EXERCISE GOAL
Please give back only the lines below from the one containing "J2.4, K1.4, K1.13" to the one containing "J2.2; also elsewhere on the board", each repeated word for word, both ends included.

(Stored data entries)
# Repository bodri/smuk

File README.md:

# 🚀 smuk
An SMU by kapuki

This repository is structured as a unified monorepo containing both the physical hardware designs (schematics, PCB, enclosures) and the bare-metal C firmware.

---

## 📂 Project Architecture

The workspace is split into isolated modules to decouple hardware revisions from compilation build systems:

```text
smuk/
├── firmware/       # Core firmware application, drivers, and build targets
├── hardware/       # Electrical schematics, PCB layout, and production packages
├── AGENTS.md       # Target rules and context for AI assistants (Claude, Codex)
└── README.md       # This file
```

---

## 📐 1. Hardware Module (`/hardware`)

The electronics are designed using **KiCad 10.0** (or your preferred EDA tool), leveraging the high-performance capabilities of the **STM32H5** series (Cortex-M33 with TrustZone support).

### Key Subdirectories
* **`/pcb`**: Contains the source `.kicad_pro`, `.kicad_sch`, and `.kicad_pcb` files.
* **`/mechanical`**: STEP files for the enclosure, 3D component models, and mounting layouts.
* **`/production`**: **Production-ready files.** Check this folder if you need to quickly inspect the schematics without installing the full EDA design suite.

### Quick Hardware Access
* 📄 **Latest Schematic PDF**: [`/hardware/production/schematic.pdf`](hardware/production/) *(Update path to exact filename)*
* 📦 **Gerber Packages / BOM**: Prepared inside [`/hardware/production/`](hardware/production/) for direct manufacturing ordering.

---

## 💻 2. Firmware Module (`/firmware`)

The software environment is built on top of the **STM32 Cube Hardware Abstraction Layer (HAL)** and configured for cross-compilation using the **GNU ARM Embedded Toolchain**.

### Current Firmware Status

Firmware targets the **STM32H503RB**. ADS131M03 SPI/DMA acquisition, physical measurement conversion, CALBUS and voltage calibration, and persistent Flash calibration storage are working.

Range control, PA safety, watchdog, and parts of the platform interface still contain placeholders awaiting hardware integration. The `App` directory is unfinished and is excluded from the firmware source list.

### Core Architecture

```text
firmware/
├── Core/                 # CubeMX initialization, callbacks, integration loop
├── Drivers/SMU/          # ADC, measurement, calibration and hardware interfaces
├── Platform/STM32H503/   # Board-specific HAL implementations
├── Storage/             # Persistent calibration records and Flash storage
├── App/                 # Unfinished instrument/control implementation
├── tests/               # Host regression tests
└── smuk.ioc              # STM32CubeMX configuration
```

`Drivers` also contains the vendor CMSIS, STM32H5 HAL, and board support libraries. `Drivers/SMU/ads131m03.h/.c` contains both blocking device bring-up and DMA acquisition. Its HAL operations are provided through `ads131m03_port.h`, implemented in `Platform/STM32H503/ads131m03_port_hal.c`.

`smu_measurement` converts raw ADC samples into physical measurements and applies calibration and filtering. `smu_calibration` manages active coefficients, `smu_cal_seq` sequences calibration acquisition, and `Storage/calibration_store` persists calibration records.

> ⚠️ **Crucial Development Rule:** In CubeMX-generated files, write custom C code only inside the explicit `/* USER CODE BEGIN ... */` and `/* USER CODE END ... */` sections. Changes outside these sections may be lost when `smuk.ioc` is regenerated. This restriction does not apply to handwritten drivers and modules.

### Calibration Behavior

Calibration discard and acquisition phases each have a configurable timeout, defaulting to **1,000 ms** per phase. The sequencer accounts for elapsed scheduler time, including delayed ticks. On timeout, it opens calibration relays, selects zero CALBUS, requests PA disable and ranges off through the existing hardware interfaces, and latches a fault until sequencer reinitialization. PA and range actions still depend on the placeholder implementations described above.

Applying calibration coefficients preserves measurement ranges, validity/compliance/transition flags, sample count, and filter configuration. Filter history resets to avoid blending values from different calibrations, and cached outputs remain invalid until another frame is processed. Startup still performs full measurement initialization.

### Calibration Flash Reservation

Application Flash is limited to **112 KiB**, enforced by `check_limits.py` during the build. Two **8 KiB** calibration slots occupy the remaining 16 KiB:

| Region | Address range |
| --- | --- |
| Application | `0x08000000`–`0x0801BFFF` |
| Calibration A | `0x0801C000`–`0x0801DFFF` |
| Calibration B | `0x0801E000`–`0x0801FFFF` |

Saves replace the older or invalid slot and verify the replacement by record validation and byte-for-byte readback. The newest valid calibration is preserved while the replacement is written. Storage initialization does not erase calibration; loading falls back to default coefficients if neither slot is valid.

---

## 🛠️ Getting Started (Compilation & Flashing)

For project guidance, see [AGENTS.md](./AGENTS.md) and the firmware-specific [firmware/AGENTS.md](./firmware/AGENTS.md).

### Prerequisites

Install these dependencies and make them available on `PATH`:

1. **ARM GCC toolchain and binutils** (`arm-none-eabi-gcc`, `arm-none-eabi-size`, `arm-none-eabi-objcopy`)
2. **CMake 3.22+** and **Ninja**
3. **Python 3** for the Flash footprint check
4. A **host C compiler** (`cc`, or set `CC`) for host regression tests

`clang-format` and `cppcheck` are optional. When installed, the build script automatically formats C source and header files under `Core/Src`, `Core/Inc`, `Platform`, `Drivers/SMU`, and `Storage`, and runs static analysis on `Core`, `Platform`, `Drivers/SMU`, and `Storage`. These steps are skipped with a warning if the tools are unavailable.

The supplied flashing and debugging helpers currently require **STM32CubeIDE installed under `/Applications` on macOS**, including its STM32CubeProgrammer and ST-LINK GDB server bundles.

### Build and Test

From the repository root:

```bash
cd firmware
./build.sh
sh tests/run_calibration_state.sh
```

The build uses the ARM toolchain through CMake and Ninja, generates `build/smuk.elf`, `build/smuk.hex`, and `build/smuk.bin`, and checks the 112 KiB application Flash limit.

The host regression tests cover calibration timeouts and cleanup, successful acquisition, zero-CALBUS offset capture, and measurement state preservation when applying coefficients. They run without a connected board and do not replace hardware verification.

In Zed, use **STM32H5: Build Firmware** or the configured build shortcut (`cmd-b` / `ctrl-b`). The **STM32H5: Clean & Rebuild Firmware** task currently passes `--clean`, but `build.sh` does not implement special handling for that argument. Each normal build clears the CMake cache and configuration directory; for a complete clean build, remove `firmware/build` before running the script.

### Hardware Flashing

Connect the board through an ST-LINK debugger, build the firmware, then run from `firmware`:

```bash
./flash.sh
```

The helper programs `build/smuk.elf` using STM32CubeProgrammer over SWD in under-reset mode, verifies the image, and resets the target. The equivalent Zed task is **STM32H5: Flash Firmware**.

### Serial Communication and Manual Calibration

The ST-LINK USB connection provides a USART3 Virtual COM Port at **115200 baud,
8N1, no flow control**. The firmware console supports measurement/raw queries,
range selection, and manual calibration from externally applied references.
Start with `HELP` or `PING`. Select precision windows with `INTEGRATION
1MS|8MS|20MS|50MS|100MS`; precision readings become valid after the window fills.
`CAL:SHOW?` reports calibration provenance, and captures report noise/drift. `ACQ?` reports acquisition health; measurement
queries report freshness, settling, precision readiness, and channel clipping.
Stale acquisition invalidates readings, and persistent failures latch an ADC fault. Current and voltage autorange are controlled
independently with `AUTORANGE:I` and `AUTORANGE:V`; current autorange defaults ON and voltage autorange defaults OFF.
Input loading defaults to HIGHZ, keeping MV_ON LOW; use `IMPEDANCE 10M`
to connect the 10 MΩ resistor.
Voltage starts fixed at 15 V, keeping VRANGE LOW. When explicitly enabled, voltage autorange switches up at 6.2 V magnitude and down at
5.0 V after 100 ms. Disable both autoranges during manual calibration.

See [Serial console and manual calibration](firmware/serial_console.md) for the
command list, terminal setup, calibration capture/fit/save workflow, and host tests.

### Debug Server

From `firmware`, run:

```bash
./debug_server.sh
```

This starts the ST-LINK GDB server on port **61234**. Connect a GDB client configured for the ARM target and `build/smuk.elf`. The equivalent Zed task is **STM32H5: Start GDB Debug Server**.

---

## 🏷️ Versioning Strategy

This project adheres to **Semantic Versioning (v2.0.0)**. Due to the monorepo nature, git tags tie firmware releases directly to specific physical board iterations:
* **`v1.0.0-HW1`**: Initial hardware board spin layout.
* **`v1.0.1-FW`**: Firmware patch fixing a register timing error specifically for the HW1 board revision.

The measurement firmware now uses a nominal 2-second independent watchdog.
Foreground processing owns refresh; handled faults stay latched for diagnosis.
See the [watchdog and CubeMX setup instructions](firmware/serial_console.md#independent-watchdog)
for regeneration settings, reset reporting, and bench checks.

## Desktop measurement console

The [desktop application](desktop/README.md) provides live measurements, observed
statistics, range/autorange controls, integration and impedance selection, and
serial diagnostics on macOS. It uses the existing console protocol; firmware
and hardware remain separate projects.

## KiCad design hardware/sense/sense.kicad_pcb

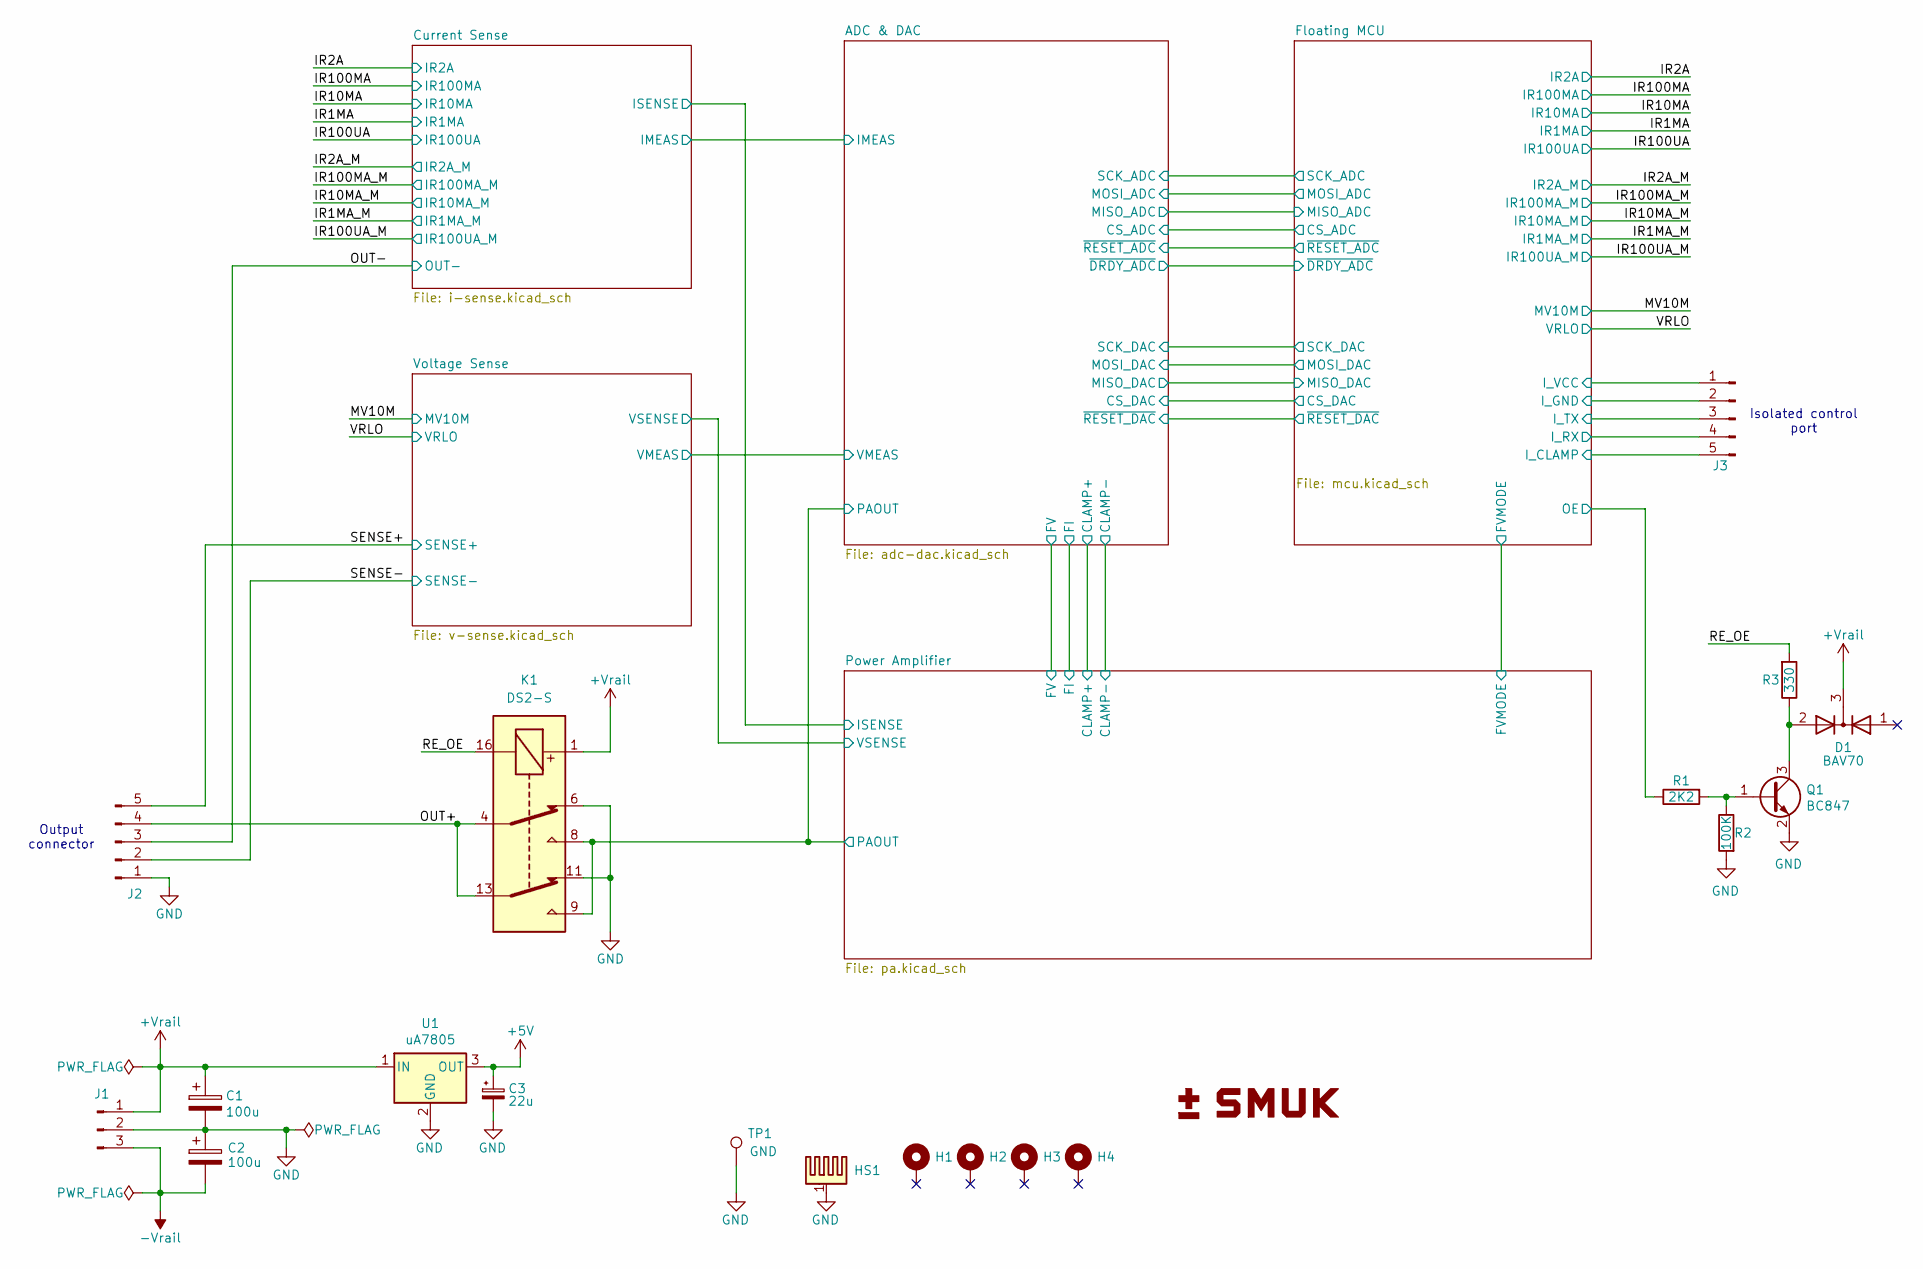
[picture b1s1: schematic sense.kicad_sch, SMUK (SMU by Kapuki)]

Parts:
C1, C2: 100u; C_Elec_10x10.2
C3: 22u; CP_EIA-6032-28_Kemet-C
D1: BAV70; SOT-23
H1, H2, H3, H4: MountingHole_Pad_MP; MountingHole_3.2mm_M3_Pad_Via
HS1: Heatsink_Pad; Heatsink_Fischer_SK96-84SA_2Fixations
J1: Conn_01x03_Pin; Molex_KK-396_A-41791-0003_1x03_P3.96mm_Vertical
J2: Conn_01x05_Male; Molex_KK-396_A-41791-0005_1x05_P3.96mm_Vertical
J3: Conn_01x05_Pin; Molex_KK-254_AE-6410-05A_1x05_P2.54mm_Vertical
K1: DS2-S; Relay_DPDT_Panasonic_DS2_S
Q1: BC847; SOT-23
R1: 2K2; R_0603_1608Metric
R2: 100K; R_0603_1608Metric
R3: 330; R_1206_3216Metric
TP1: GND; TestPoint_Loop_D1.80mm_Drill1.0mm_Beaded
U1: uA7805; TO-263-3_TabPin2

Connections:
+5V: C3.1, U1.3 (OUT); also elsewhere on the board
+Vrail: C1.1, D1.3 (K), J1.1, K1.1, U1.1 (IN); also elsewhere on the board
-Vrail: C2.2, J1.3; also elsewhere on the board
/ADC & DAC/PAOUT: K1.8, K1.9; also elsewhere on the board
/Floating MCU/I_CLAMP: J3.5; also elsewhere on the board
/Floating MCU/I_GND: J3.2; also elsewhere on the board
/Floating MCU/I_RX: J3.4; also elsewhere on the board
/Floating MCU/I_TX: J3.3; also elsewhere on the board
/Floating MCU/I_VCC: J3.1; also elsewhere on the board
/Floating MCU/OE: R1.1; also elsewhere on the board
/OUT+: J2.4, K1.4, K1.13
/OUT-: J2.3; also elsewhere on the board
/RE_OE: K1.16, R3.2
/SENSE+: J2.5; also elsewhere on the board
/SENSE-: J2.2; also elsewhere on the board
GND: C1.2, C2.1, C3.2, HS1.1, J1.2, J2.1, K1.6, K1.11, Q1.2 (E), R2.2, TP1.1 (1_1), U1.2 (GND); also elsewhere on the board
unnamed: Q1.1 (B), R1.2, R2.1
unnamed: D1.2 (A), Q1.3 (C), R3.1

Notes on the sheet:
Isolated control port
Output connector

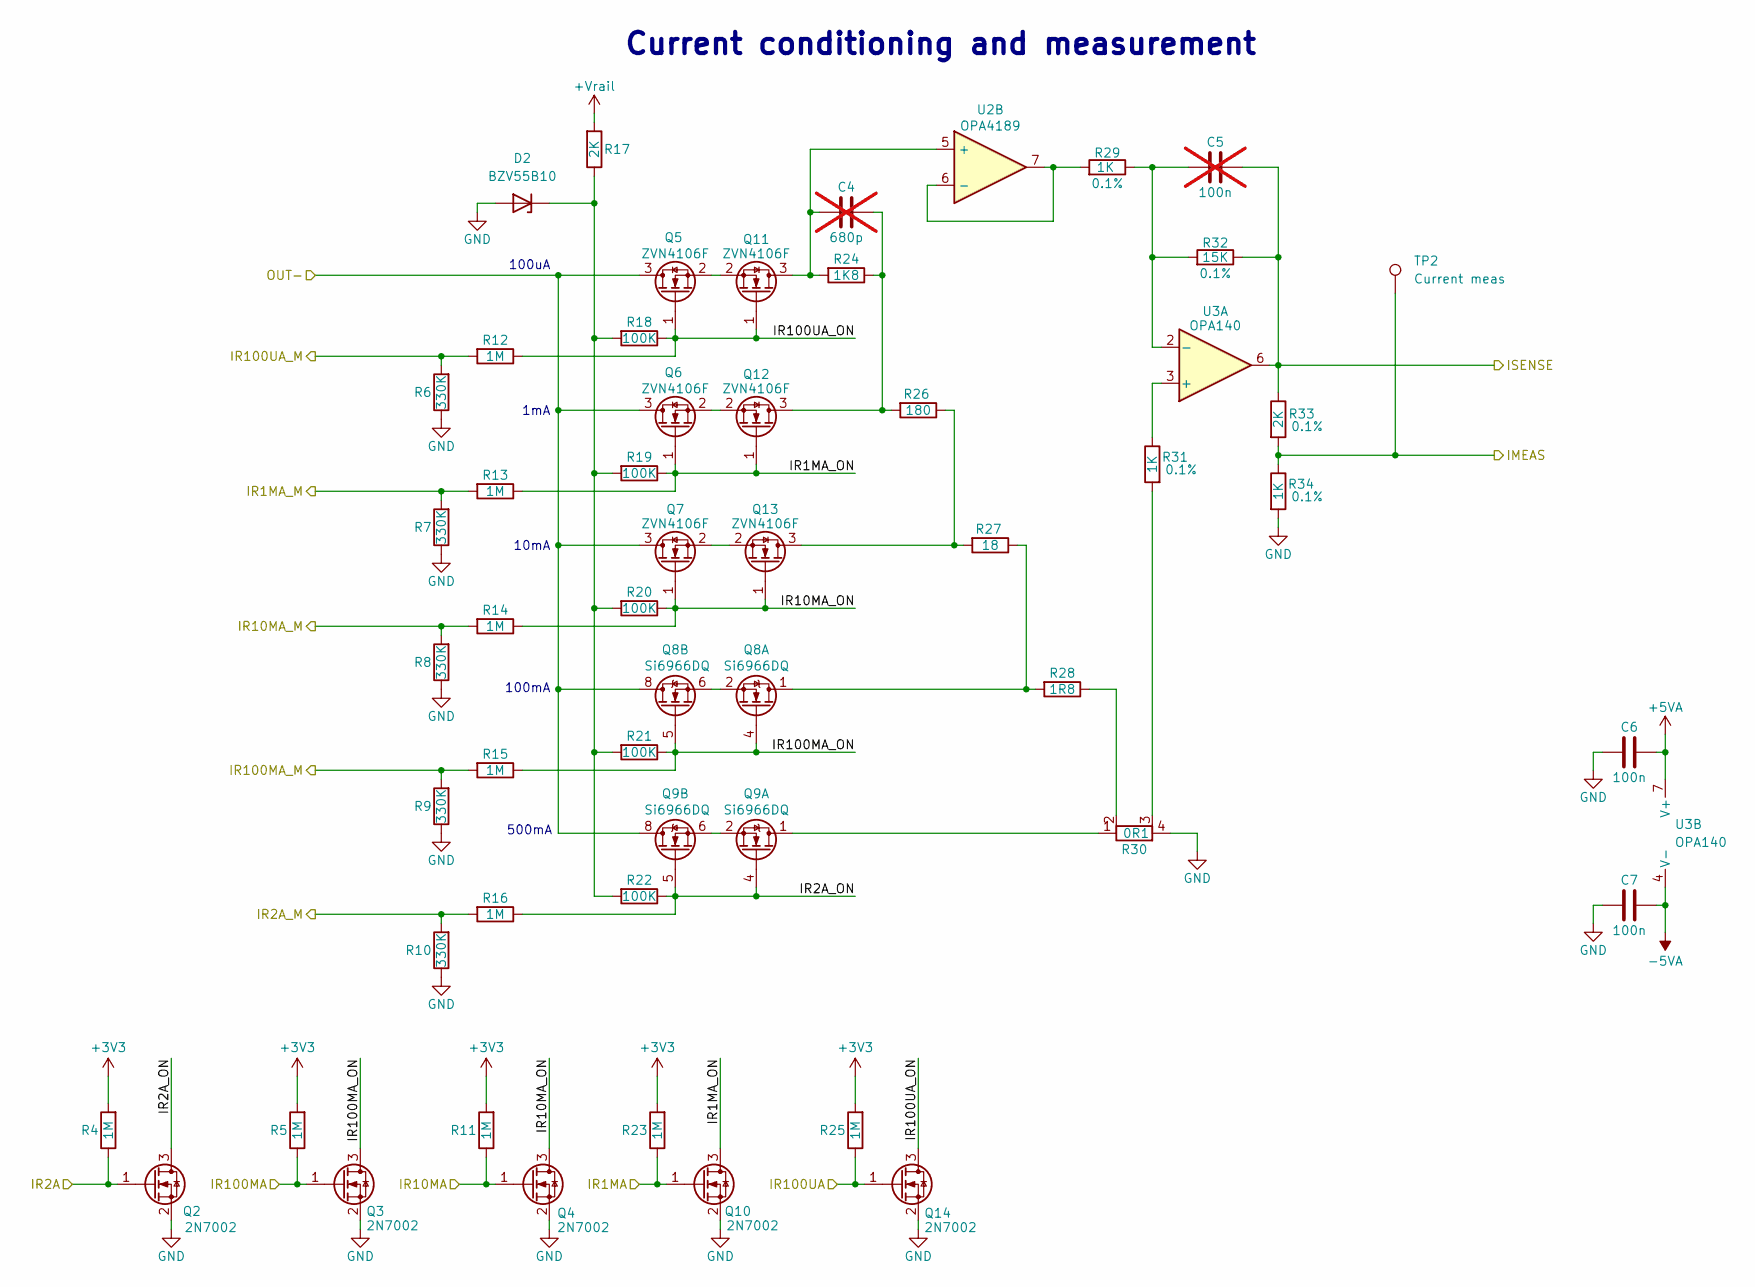
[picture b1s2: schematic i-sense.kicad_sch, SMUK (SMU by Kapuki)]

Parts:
C4: 680p; C_0603_1608Metric; not fitted
C5: 100n; C_0603_1608Metric; not fitted
C6, C7: 100n; C_0603_1608Metric
D2: BZV55B10; D_MiniMELF
Q2, Q3, Q4, Q10, Q14: 2N7002; SOT-23
Q5, Q6, Q7, Q11, Q12, Q13: ZVN4106F; SOT-23
Q8, Q9: Si6966DQ; TSSOP-8_4.4x3mm_P0.65mm
R4, R5, R11, R12, R13, R14, R15, R16, R23, R25: 1M; R_0603_1608Metric
R6, R7, R8, R9, R10: 330K; R_0603_1608Metric
R17, R33: 2K; R_0603_1608Metric
R18, R19, R20, R21, R22: 100K; R_0603_1608Metric
R24: 1K8; R_1206_3216Metric
R26: 180; R_1206_3216Metric
R27: 18; R_1206_3216Metric
R28: 1R8; R_1206_3216Metric
R29, R31, R34: 1K; R_0603_1608Metric
R30: 0R1; Littelfuse L4CL1206
R32: 15K; R_0603_1608Metric
TP2: Current meas; TestPoint_Pad_D1.5mm
U2: OPA4189; TSSOP-14_4.4x5mm_P0.65mm
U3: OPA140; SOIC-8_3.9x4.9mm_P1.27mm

COMPLETED EXERCISE
/OUT+: J2.4, K1.4, K1.13
/OUT-: J2.3; also elsewhere on the board
/RE_OE: K1.16, R3.2
/SENSE+: J2.5; also elsewhere on the board
/SENSE-: J2.2; also elsewhere on the board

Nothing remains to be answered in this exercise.